PROBLEM ::
I need each line of the entries below that includes the string "zone".

"""

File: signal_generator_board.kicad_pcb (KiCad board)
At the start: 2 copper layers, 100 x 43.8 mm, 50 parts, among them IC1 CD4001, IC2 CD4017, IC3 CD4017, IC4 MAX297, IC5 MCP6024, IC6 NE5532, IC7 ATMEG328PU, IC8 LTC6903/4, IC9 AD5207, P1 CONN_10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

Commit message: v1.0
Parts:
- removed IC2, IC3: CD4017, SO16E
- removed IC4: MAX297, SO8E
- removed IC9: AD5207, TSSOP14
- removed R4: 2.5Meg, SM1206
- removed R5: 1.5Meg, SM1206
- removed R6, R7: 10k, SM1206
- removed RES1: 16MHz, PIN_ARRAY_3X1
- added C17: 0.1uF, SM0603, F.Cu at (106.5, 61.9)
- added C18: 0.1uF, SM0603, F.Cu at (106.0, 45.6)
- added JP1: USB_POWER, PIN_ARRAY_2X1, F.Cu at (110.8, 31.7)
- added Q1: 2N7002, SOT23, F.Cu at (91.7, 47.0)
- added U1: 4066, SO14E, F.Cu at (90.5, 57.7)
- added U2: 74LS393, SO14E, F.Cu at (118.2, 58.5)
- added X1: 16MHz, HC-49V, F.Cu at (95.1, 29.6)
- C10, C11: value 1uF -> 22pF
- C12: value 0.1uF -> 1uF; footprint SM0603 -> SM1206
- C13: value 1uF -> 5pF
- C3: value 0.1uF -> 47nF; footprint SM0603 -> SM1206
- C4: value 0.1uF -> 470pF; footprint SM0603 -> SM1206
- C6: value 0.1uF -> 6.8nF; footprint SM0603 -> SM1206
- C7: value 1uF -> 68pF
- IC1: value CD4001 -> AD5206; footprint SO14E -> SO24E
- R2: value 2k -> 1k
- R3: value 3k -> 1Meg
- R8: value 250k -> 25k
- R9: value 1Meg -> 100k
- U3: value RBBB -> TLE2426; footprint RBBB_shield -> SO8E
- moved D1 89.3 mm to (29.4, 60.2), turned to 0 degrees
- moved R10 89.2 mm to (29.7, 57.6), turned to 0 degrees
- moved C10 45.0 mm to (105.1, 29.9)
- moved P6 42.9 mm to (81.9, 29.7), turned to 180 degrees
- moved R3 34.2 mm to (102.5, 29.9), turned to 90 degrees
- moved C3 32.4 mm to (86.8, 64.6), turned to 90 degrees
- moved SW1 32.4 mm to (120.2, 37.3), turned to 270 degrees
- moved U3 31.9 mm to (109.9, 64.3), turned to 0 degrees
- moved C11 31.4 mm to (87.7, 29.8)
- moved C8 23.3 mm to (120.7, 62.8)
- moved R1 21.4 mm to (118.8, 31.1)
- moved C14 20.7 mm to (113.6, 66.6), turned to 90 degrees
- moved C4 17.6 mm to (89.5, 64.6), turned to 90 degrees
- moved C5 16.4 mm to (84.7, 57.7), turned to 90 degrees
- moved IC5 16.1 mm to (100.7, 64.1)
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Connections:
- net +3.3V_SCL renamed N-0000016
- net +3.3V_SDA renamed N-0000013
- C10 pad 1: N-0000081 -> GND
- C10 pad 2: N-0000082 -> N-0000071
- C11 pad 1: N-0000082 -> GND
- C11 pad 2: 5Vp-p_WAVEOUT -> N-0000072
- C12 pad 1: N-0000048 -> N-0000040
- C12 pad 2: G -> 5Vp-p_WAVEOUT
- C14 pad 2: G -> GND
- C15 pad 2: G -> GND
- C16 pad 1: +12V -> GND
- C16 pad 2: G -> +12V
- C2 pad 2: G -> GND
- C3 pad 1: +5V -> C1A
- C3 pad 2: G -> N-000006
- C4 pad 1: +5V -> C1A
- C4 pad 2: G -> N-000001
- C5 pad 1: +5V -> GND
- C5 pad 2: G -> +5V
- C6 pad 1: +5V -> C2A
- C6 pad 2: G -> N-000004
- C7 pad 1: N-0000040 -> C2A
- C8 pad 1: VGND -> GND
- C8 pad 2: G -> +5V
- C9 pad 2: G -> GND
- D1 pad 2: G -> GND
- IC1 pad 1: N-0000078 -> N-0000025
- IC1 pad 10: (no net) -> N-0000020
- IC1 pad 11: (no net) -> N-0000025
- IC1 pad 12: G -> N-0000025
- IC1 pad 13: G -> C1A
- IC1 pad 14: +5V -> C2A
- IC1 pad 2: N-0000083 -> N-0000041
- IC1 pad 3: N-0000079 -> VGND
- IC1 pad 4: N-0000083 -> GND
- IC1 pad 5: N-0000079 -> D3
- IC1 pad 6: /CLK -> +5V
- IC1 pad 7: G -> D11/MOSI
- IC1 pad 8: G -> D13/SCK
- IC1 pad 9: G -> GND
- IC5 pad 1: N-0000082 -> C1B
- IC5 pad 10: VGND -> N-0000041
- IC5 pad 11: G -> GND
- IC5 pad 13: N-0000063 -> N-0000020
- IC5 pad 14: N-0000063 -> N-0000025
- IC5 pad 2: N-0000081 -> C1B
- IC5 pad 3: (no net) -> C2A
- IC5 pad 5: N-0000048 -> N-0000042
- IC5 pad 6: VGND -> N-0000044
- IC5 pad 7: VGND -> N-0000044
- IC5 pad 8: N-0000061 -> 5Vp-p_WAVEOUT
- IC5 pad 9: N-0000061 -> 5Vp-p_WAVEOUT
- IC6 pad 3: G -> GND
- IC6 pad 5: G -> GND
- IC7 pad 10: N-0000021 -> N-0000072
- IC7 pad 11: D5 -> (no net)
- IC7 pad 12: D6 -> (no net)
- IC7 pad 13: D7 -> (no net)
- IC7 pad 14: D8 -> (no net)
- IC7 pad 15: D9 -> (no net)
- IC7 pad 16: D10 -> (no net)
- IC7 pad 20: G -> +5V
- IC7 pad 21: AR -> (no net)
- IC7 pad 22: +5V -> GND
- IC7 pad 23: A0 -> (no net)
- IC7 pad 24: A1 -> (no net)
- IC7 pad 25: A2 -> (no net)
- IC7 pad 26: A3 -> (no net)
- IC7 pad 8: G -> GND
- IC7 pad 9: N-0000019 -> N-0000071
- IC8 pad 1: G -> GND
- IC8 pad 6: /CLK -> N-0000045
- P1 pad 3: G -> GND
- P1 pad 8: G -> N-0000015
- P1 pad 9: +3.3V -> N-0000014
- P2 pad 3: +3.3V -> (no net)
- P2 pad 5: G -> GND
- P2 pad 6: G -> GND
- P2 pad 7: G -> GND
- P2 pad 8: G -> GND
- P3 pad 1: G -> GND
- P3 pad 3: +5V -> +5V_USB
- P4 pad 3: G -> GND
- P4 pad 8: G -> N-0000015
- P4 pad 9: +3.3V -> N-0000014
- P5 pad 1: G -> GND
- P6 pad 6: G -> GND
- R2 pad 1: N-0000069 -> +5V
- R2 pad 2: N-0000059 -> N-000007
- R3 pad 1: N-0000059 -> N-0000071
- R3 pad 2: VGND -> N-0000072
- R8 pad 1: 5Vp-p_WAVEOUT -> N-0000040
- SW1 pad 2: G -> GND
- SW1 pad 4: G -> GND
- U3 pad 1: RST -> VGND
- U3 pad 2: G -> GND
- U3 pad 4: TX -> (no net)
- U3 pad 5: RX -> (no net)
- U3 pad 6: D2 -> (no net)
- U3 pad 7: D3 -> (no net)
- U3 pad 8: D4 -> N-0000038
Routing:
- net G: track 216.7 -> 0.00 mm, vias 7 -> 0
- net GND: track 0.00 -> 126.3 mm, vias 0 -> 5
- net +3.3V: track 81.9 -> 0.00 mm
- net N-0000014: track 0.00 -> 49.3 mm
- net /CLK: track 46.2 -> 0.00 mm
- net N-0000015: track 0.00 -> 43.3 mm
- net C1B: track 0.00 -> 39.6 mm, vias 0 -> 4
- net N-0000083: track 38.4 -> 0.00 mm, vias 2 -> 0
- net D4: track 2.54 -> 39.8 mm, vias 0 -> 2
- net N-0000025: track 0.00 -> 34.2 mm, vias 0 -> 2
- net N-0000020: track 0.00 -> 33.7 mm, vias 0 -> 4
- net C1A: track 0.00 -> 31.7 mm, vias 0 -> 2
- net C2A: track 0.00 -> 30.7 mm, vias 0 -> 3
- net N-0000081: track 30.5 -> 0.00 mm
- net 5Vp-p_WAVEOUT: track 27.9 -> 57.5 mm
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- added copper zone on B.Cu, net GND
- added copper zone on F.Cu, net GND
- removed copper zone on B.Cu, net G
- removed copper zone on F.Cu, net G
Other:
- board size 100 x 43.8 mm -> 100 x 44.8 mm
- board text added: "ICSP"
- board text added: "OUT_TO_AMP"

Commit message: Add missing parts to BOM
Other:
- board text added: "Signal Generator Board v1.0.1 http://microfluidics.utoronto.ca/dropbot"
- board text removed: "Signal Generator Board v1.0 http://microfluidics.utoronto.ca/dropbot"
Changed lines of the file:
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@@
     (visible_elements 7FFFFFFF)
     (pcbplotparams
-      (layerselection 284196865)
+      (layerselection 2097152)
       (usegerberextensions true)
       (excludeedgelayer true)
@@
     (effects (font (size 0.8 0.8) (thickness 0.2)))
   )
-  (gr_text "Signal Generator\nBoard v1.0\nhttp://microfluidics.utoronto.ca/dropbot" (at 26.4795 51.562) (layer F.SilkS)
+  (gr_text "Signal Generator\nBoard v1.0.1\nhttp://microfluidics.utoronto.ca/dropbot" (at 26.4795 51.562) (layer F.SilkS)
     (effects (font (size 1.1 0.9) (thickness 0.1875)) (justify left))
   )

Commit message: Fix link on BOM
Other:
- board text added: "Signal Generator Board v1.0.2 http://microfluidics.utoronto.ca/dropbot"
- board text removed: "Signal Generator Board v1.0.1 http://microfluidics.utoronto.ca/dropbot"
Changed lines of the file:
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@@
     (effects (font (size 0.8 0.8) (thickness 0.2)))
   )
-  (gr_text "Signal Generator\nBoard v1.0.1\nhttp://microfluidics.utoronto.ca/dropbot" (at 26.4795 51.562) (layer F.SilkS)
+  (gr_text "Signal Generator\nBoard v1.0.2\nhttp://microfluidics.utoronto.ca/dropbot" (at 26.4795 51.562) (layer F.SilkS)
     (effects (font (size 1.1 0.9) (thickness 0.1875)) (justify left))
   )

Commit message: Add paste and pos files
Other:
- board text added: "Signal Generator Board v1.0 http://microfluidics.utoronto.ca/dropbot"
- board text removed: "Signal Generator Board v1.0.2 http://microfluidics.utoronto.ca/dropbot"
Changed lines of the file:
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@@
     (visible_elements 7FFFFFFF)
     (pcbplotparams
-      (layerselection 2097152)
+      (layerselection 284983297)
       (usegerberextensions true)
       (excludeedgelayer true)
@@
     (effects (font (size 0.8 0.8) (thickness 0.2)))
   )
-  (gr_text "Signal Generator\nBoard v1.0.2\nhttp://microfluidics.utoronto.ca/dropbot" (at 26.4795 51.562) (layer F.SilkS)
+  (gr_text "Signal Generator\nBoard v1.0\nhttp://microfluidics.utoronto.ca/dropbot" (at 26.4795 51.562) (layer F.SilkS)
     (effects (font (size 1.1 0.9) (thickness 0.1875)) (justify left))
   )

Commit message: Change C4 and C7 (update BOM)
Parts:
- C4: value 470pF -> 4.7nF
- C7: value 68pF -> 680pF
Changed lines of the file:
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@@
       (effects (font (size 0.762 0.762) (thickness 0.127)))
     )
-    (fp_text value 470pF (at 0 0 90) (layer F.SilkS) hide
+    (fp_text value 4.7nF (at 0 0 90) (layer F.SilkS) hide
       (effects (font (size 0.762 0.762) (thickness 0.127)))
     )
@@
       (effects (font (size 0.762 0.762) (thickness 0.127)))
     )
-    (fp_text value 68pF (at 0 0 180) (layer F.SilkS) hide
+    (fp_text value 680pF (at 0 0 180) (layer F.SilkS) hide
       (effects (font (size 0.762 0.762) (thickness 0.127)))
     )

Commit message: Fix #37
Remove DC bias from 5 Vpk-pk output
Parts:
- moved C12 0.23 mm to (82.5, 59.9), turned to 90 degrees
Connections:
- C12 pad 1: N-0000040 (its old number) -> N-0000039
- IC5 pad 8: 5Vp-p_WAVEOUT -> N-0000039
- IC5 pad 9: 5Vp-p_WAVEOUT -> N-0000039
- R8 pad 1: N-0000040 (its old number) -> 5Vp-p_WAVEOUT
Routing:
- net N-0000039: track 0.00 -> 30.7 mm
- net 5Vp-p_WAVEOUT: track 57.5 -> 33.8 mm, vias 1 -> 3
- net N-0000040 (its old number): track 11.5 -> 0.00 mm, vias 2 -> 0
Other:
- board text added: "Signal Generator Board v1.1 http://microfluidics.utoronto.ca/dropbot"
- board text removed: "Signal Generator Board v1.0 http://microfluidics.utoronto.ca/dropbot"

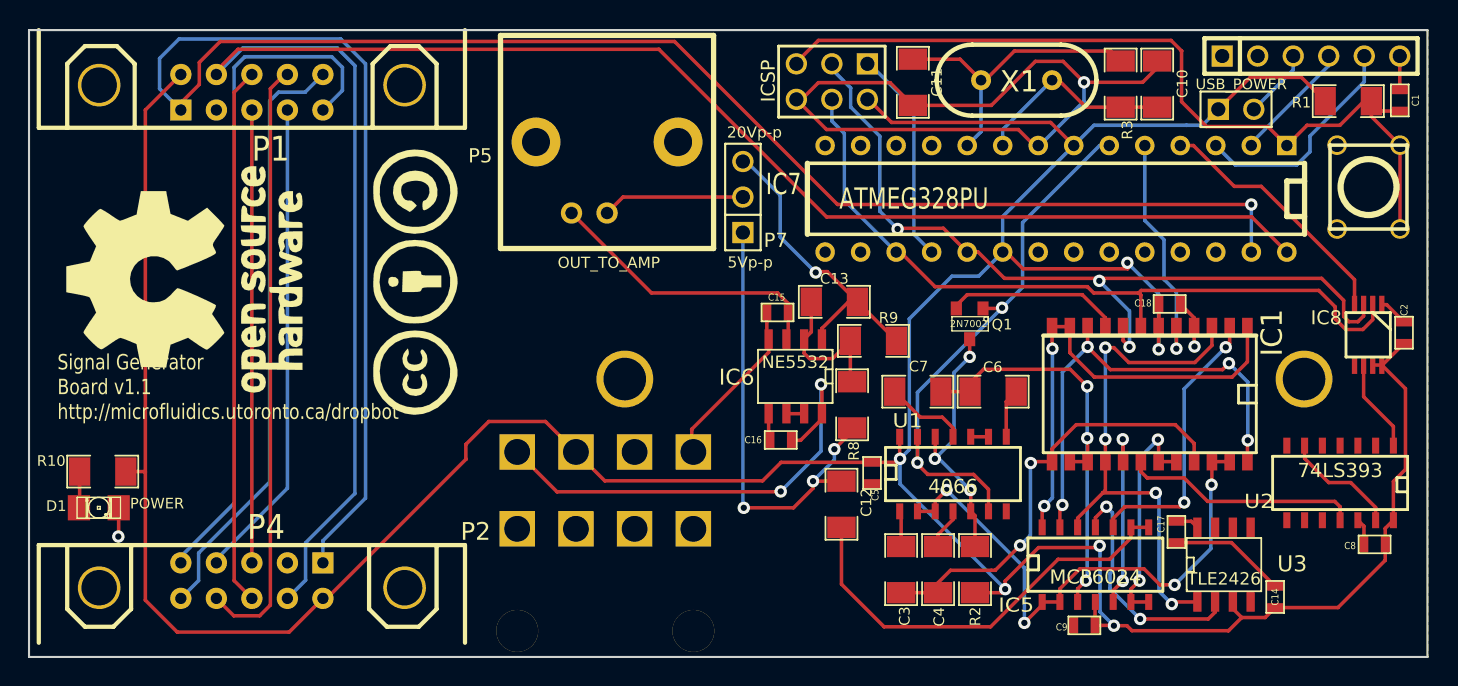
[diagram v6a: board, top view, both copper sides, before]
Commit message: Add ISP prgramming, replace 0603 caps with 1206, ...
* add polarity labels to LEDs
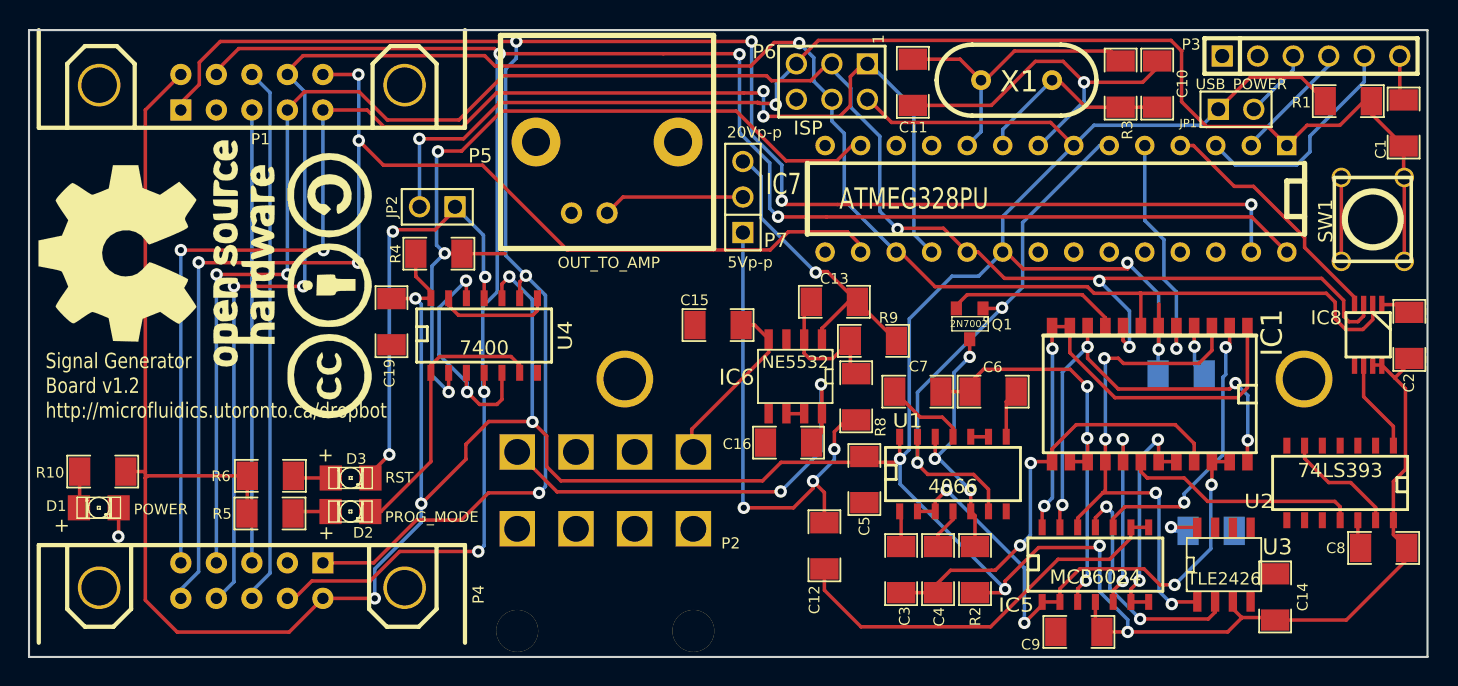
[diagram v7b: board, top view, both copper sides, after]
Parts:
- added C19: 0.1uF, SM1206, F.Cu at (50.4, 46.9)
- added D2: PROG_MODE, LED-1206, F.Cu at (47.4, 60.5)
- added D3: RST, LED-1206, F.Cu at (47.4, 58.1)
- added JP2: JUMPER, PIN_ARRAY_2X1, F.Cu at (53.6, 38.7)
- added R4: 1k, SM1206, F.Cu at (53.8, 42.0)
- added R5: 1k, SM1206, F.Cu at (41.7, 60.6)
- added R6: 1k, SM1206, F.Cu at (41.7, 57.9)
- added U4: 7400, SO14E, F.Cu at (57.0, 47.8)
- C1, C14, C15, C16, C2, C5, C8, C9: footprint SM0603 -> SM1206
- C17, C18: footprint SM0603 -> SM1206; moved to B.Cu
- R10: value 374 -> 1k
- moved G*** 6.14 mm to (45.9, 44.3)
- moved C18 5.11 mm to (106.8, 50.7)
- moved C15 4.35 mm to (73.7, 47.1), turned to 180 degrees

"""

EXERCISE ANSWER ::
- added copper zone on B.Cu, net GND
- added copper zone on F.Cu, net GND
- removed copper zone on B.Cu, net G
- removed copper zone on F.Cu, net G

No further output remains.